### Work to complete
Among the lines of the records, find all that carry the word "clear" and copy them.

### Material provided
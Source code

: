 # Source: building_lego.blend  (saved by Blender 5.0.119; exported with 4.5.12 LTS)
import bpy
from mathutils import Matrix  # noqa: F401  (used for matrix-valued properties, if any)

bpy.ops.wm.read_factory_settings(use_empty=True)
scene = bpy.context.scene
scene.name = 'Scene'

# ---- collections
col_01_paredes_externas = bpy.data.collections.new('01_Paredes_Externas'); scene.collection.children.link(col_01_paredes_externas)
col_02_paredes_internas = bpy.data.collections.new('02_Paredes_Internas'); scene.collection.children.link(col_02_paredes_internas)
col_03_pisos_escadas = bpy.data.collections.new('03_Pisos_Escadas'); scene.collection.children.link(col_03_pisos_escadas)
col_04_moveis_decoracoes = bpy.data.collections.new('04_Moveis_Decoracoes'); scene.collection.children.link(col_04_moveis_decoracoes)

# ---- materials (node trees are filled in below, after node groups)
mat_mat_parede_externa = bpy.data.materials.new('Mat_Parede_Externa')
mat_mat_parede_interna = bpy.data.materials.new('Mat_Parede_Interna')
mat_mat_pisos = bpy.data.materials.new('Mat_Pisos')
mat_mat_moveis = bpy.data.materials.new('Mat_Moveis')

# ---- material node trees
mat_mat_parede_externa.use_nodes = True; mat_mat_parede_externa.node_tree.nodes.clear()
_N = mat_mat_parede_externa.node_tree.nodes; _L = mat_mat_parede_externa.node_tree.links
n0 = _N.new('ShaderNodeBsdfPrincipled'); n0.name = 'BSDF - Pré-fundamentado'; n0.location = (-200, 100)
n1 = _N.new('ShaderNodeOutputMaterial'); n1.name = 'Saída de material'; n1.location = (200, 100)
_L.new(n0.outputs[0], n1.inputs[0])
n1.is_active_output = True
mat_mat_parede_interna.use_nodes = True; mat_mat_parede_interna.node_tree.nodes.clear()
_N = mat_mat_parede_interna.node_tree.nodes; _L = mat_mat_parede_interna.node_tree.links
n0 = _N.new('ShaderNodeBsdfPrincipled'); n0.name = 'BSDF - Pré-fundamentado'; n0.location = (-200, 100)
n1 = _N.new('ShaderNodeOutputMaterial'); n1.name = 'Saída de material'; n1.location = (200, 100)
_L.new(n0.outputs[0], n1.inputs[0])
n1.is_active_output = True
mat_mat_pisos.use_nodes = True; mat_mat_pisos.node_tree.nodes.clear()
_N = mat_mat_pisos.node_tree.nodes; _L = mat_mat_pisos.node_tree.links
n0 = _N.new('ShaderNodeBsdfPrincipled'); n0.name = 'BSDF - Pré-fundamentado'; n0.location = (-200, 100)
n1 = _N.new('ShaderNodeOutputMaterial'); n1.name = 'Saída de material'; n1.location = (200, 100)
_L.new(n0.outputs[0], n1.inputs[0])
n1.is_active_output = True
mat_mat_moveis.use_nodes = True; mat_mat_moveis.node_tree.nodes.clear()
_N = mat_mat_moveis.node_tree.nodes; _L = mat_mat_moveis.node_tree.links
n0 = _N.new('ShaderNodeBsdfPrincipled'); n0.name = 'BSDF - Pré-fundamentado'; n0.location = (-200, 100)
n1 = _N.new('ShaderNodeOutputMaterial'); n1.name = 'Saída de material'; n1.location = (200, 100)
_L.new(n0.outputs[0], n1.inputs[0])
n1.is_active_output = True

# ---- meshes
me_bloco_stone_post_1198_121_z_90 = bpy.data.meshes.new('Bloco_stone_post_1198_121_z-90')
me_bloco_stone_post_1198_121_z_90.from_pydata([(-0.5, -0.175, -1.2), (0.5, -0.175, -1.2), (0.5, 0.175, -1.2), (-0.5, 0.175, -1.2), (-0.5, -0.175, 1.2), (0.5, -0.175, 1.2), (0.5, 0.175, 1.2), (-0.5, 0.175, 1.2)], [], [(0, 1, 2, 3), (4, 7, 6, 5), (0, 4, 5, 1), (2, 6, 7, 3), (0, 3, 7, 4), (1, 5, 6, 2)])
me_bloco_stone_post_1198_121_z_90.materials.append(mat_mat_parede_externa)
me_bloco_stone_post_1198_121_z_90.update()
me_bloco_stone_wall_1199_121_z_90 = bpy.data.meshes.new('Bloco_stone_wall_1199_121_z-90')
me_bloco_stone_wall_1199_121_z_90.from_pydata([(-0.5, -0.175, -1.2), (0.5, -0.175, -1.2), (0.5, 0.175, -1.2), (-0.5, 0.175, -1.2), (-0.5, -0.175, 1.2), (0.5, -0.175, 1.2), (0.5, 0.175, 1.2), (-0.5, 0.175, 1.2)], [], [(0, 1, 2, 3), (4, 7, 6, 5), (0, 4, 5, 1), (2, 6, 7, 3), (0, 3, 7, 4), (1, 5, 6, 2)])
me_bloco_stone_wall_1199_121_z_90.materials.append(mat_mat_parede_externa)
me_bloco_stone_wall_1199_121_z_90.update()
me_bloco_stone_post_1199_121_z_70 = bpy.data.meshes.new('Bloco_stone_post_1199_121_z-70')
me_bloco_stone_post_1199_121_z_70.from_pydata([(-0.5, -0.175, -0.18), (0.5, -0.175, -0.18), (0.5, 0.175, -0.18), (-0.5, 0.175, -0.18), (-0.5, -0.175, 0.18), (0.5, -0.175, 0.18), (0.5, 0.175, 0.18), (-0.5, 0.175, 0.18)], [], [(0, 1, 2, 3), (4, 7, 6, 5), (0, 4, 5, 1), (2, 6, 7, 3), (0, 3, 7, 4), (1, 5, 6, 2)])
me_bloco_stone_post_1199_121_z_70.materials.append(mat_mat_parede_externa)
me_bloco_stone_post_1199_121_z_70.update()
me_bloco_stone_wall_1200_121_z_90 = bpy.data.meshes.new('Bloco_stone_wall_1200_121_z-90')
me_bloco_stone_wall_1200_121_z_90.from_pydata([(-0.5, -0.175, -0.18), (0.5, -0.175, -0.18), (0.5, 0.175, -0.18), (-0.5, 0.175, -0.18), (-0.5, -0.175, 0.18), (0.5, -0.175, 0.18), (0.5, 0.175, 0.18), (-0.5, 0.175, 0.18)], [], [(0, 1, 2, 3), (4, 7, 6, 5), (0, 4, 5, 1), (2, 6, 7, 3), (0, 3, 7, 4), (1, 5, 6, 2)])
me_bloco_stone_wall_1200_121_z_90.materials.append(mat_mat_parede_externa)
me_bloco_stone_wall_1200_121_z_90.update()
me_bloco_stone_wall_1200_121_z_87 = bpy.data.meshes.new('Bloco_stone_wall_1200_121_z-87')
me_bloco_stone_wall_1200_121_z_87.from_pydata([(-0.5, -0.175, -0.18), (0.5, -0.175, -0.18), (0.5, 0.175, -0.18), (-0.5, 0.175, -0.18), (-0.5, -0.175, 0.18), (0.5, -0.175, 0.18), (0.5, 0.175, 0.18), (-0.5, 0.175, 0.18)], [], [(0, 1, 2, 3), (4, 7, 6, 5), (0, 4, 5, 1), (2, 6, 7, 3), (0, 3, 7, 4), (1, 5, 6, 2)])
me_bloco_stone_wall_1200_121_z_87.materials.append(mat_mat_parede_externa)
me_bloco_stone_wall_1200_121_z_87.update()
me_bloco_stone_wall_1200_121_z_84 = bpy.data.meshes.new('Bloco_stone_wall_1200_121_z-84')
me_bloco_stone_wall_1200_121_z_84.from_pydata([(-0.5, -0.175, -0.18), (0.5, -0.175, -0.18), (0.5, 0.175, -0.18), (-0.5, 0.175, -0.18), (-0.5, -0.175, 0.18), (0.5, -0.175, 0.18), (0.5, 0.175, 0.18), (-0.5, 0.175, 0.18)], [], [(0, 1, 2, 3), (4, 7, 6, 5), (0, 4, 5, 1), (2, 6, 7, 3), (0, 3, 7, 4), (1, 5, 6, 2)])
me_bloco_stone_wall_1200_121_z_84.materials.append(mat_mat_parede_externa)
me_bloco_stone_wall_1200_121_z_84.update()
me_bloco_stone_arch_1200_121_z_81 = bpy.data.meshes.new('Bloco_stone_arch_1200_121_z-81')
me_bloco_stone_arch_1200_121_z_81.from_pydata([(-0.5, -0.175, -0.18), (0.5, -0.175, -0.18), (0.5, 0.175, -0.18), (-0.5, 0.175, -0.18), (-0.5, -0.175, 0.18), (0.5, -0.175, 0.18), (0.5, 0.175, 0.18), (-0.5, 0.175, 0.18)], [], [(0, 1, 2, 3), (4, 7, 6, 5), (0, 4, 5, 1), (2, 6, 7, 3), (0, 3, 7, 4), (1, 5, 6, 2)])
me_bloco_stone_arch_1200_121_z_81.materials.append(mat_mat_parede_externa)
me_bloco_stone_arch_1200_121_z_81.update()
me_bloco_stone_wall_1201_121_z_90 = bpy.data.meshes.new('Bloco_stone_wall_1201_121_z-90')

### Finished exercise
mat_mat_parede_externa.use_nodes = True; mat_mat_parede_externa.node_tree.nodes.clear()
mat_mat_parede_interna.use_nodes = True; mat_mat_parede_interna.node_tree.nodes.clear()
mat_mat_pisos.use_nodes = True; mat_mat_pisos.node_tree.nodes.clear()
mat_mat_moveis.use_nodes = True; mat_mat_moveis.node_tree.nodes.clear()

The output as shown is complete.